Филимонов внимательно поглядывает на меня, а когда мы отходим с ним от бойцов, спрашивает:
— Ночью, значит, лежал еще фриц?
— Лежал.
— На рассвете, значит, его уволокли?
— Нет, ночью, — неожиданно для себя говорю я и вдруг решаю рассказать обо всем Филимонову.

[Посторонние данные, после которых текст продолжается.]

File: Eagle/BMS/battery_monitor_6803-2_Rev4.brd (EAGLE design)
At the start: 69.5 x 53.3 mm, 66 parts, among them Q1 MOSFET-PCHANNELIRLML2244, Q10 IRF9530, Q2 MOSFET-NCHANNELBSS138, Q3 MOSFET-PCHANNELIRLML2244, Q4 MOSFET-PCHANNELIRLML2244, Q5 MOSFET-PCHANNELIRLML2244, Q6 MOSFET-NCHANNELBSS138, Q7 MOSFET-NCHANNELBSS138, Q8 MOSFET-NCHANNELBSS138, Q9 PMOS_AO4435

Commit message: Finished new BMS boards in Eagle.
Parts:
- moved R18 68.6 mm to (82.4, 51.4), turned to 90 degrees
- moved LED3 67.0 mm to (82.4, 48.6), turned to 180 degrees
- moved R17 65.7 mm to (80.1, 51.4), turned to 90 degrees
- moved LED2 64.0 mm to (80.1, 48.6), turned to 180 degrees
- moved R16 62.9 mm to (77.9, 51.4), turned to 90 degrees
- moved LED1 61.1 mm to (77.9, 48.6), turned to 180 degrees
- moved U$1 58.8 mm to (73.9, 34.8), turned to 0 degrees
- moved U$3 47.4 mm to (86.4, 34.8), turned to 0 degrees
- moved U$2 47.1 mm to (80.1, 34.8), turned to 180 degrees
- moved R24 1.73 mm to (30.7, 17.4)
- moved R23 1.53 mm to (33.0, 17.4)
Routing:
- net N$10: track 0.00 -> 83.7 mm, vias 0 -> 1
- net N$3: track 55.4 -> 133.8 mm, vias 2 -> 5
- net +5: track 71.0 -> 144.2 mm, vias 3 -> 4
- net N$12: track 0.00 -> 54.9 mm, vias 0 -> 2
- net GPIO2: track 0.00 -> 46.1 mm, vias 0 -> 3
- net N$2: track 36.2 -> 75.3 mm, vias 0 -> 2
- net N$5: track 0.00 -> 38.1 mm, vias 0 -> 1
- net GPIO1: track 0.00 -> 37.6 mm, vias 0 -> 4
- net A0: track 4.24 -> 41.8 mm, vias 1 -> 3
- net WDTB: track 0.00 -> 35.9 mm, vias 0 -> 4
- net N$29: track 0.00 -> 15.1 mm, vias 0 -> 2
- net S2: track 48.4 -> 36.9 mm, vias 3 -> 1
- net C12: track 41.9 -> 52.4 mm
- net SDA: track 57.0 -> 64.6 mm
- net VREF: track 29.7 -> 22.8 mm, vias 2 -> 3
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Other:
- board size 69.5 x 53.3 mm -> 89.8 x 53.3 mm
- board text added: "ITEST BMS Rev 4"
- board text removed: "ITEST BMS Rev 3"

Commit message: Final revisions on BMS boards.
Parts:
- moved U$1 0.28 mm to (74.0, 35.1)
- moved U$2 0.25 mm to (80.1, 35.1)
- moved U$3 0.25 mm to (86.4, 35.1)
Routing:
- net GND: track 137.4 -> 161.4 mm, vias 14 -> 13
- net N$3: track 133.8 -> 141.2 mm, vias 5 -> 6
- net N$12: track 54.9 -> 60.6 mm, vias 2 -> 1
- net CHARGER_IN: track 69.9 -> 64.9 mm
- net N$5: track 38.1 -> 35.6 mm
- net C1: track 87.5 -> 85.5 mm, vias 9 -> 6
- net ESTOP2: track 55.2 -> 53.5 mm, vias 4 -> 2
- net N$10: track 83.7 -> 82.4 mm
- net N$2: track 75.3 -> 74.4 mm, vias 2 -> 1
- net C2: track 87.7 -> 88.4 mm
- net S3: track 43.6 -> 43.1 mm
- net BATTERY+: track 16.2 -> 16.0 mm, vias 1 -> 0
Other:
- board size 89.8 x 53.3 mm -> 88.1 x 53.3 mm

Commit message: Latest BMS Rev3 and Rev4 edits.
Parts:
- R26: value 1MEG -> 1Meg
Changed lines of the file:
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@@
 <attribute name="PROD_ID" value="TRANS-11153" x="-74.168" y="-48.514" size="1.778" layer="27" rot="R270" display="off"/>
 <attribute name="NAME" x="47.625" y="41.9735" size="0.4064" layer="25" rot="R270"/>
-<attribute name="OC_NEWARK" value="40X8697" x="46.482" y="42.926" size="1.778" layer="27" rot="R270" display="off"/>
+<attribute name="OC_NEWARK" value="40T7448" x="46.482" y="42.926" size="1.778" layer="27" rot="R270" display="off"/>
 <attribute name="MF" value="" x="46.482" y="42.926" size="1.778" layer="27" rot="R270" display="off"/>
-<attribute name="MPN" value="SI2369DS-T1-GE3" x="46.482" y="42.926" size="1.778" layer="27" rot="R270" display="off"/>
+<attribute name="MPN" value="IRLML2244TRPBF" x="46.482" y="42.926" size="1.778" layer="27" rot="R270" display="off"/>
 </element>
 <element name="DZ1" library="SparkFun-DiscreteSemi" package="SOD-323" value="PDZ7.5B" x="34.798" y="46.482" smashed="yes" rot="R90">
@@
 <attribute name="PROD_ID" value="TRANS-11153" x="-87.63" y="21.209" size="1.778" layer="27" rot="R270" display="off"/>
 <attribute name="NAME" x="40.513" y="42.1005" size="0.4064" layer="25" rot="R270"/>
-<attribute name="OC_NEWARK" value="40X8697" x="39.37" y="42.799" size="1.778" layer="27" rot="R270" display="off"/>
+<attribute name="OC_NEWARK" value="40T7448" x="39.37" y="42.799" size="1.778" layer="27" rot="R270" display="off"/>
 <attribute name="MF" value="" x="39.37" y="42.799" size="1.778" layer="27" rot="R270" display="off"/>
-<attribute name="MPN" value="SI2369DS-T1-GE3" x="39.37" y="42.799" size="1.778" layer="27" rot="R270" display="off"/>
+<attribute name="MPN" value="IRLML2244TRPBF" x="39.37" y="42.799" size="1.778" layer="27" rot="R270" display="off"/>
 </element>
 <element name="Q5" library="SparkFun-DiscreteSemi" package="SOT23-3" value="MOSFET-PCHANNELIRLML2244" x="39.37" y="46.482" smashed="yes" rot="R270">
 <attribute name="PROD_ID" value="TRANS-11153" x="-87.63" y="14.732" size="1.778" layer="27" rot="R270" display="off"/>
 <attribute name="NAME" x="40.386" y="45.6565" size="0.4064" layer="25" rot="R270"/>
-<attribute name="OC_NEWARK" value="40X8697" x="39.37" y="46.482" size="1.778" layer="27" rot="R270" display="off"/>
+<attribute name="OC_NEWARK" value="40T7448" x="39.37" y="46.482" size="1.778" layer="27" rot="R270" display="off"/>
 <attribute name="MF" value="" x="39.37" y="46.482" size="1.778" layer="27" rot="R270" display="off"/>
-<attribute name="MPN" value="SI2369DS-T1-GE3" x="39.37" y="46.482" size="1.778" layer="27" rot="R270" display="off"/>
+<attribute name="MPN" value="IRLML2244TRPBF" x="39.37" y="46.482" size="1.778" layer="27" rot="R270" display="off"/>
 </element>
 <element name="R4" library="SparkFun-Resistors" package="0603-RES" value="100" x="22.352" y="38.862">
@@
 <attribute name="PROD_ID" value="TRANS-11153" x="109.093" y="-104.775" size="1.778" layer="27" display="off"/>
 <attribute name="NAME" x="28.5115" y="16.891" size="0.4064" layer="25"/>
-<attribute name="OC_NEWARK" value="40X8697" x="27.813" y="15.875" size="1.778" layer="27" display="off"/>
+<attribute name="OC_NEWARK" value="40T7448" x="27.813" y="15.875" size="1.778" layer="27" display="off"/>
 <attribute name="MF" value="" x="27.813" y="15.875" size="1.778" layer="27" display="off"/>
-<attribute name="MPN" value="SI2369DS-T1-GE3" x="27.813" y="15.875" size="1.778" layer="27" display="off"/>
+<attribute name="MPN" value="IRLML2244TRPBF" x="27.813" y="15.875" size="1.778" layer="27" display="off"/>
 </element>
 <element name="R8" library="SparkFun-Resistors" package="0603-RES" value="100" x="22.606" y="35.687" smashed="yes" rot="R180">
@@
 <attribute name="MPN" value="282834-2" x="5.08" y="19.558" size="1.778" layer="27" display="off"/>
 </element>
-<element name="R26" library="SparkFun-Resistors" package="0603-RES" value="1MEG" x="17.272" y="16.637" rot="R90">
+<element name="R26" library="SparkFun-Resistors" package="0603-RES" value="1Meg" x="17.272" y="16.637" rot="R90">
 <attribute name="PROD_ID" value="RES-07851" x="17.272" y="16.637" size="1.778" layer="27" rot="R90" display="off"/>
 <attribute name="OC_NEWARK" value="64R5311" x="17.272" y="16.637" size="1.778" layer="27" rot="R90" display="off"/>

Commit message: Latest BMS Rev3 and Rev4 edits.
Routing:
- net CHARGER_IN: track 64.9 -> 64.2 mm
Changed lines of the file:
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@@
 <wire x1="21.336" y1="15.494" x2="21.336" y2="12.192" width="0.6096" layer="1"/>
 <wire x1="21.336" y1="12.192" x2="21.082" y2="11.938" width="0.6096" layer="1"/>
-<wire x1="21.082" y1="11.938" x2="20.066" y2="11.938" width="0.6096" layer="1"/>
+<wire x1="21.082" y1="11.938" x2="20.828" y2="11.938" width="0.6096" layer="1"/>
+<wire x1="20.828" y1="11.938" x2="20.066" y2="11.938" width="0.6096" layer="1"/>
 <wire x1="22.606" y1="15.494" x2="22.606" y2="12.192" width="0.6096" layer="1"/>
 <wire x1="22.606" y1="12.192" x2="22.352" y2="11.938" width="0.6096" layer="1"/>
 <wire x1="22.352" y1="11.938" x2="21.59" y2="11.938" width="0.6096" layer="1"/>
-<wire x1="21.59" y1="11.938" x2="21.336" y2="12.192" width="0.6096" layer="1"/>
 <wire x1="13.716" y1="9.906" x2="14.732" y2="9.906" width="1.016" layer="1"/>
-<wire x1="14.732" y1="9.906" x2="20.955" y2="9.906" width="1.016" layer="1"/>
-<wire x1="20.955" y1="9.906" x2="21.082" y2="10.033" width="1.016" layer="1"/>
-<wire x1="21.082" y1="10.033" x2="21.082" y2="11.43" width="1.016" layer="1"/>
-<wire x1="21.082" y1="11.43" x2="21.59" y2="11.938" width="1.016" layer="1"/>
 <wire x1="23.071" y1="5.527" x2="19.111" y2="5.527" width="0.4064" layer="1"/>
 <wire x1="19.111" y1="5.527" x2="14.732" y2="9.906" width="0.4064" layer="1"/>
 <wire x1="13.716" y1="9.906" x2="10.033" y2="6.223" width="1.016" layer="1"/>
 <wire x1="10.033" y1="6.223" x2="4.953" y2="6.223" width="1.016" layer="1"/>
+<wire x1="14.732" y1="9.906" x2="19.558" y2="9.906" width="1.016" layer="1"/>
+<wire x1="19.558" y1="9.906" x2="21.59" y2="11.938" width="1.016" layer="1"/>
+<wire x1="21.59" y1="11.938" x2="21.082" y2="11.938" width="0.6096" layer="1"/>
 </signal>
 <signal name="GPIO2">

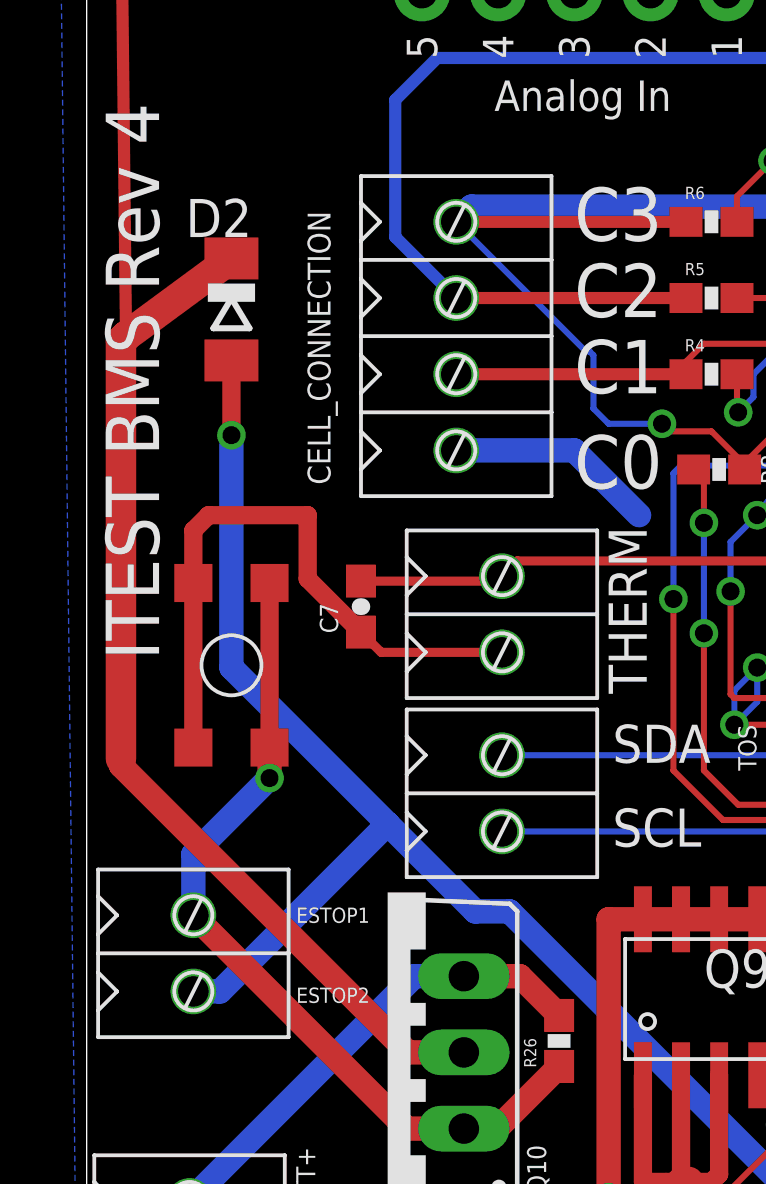
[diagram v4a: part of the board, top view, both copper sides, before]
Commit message: Fixed minor issues with BMS board and added magnetic encoder information.
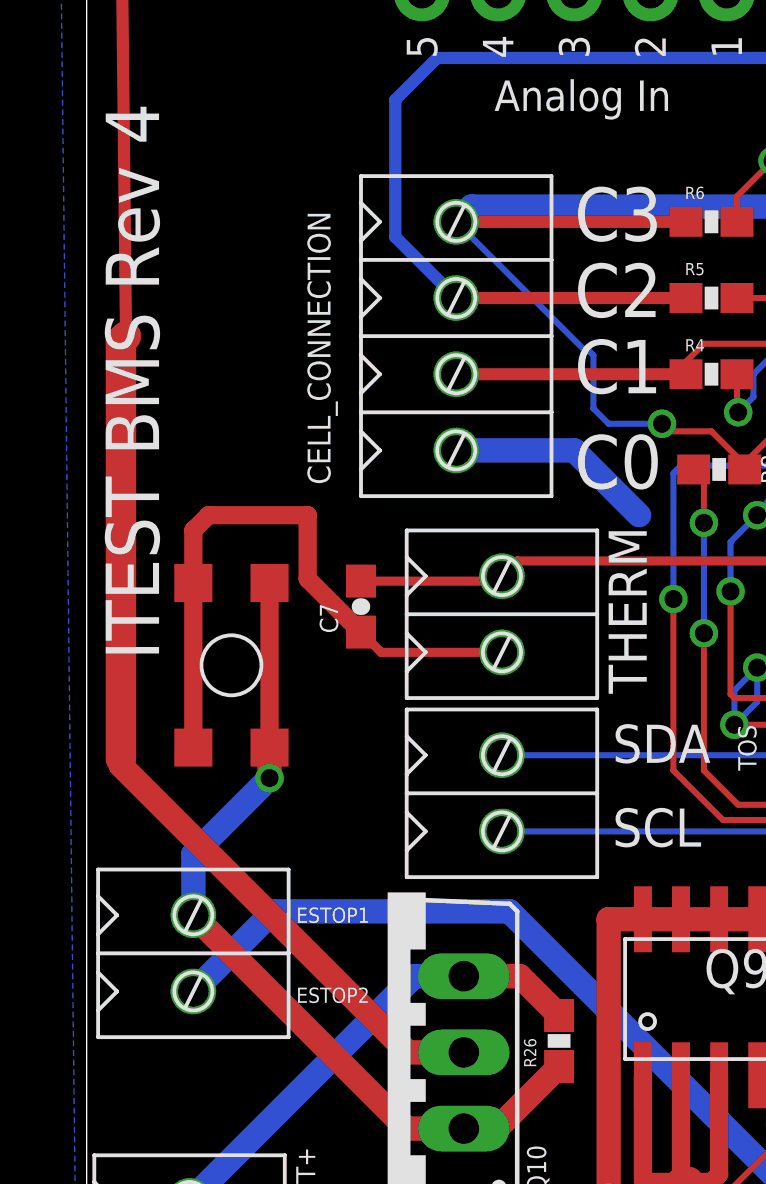
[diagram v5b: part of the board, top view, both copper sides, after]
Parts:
- removed D2: PMLL41SOD80C, diode:SOD80C
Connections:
- net +12: no longer D2.C
- net ESTOP2: no longer D2.A
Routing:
- net ESTOP2: track 53.5 -> 33.4 mm, vias 2 -> 1
- net +12: track 75.4 -> 71.0 mm
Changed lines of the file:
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@@
 <attribute name="MPN" value="CRCW06034K70FKEA" x="38.735" y="12.446" size="1.778" layer="27" rot="R180" display="off"/>
-</element>
-<element name="D2" library="diode" package="SOD80C" value="PMLL41SOD80C" x="6.35" y="41.021" smashed="yes" rot="R270">
-<attribute name="NAME" x="4.826" y="43.434" size="1.27" layer="25"/>
-<attribute name="OC_NEWARK" value="18C6408" x="6.35" y="41.021" size="1.778" layer="27" rot="R270" display="off"/>
-<attribute name="MF" value="FAIRCHILD SEMICONDUCTOR" x="6.35" y="41.021" size="1.778" layer="27" rot="R270" display="off"/>
-<attribute name="MPN" value="FDLL4148" x="6.35" y="41.021" size="1.778" layer="27" rot="R270" display="off"/>
 </element>
 <element name="I2C" library="isaac1" package="SCREW_TERMINAL_2" value="SCREW_TERMINAL_2" x="15.367" y="24.892" smashed="yes">
@@
 <signal name="+12">
 <contactref element="U$8" pad="VIN"/>
-<contactref element="D2" pad="C"/>
 <wire x1="30.48" y1="51.562" x2="30.48" y2="51.943" width="0.4064" layer="1"/>
 <wire x1="30.48" y1="51.943" x2="29.21" y2="53.213" width="0.4064" layer="1"/>
@@
 <wire x1="2.667" y1="26.035" x2="2.667" y2="39.96441875" width="1.016" layer="1"/>
 <wire x1="2.667" y1="39.96441875" x2="2.8357" y2="40.13311875" width="1.016" layer="1"/>
-<wire x1="2.8357" y1="40.13311875" x2="6.35" y2="42.721" width="1.016" layer="1"/>
 <wire x1="12.230846875" y1="16.256" x2="2.667" y2="25.819846875" width="0.8128" layer="1"/>
 <wire x1="2.667" y1="25.819846875" x2="2.667" y2="26.035" width="0.8128" layer="1"/>
@@
 <via x="31.115" y="11.811" extent="1-16" drill="0.6"/>
 <contactref element="U$6" pad="P$2"/>
-<via x="6.35" y="36.83" extent="1-16" drill="0.6"/>
-<contactref element="D2" pad="A"/>
 <contactref element="Q6" pad="3"/>
-<wire x1="6.35" y1="36.83" x2="6.35" y2="39.321" width="0.6096" layer="1"/>
-<wire x1="6.35" y1="36.83" x2="6.35" y2="29.083" width="0.8128" layer="16"/>
-<wire x1="6.35" y1="29.083" x2="11.557" y2="23.876" width="0.8128" layer="16"/>
-<wire x1="5.08" y1="18.288" x2="5.969" y2="18.288" width="0.8128" layer="16"/>
-<wire x1="5.969" y1="18.288" x2="11.557" y2="23.876" width="0.8128" layer="16"/>
-<wire x1="11.557" y1="23.876" x2="14.478" y2="20.955" width="0.8128" layer="16"/>
-<wire x1="14.478" y1="20.955" x2="15.621" y2="20.955" width="0.8128" layer="16"/>
 <wire x1="15.621" y1="20.955" x2="24.765" y2="11.811" width="0.8128" layer="16"/>
 <wire x1="24.765" y1="11.811" x2="31.115" y2="11.811" width="0.8128" layer="16"/>
+<wire x1="15.621" y1="20.955" x2="7.747" y2="20.955" width="0.8128" layer="16"/>
+<wire x1="7.747" y1="20.955" x2="5.08" y2="18.288" width="0.8128" layer="16"/>
 <wire x1="33.02" y1="13.462" x2="33.19" y2="13.462" width="0" layer="19" extent="1-1"/>
 </signal>

Он удивленно вскидывает голову.
— Вы видали?
— Видал.
— И много их пришло, немцев-то?
— Один. Брат убитого.
— Вот оно что! За родным, значит, приполз… за брательником… Эх, война, война… — Филимонов замолк.
— Что же не спрашиваете меня дальше?
— А чего спрашивать? Отпустили вы его. Понял я это еще у оврага. Лицом-то своим владеть не умеете. Эх, молоды вы, командир… очень молоды! Зачем мне-то рассказали?
— Не знаю.
— Трудно в себе держать?
— Наверное.
— Говорил вам, хватит стрелять. Пусть бы тогда утром и утащил бы… Не послушали. А теперь вот какое дело получилось.
— Какое дело? Не в бою же с немцем встретились.
— Это оно так, конечно. Но вы, командир, больше никому об этом не говорите.
— Почему?
— Не говорите. И мне-то зря сказали.
Перед обедом приходят два связиста. Принесли новый телефон (мой-то в первых боях разбит был), протянули связь с помкомбата. Давно просил — не давали. А теперь, после немецкой разведки, раздобыли.
Говорю с помкомбата. Он приказывает, чтоб рыл я себе блиндаж, хватит в шалашике обретаться. Отвечаю, что сил у людей нет, что пока себе окопы не выроют, не имею права заставлять их рыть для себя лично, да и вода еще из земли выжимается.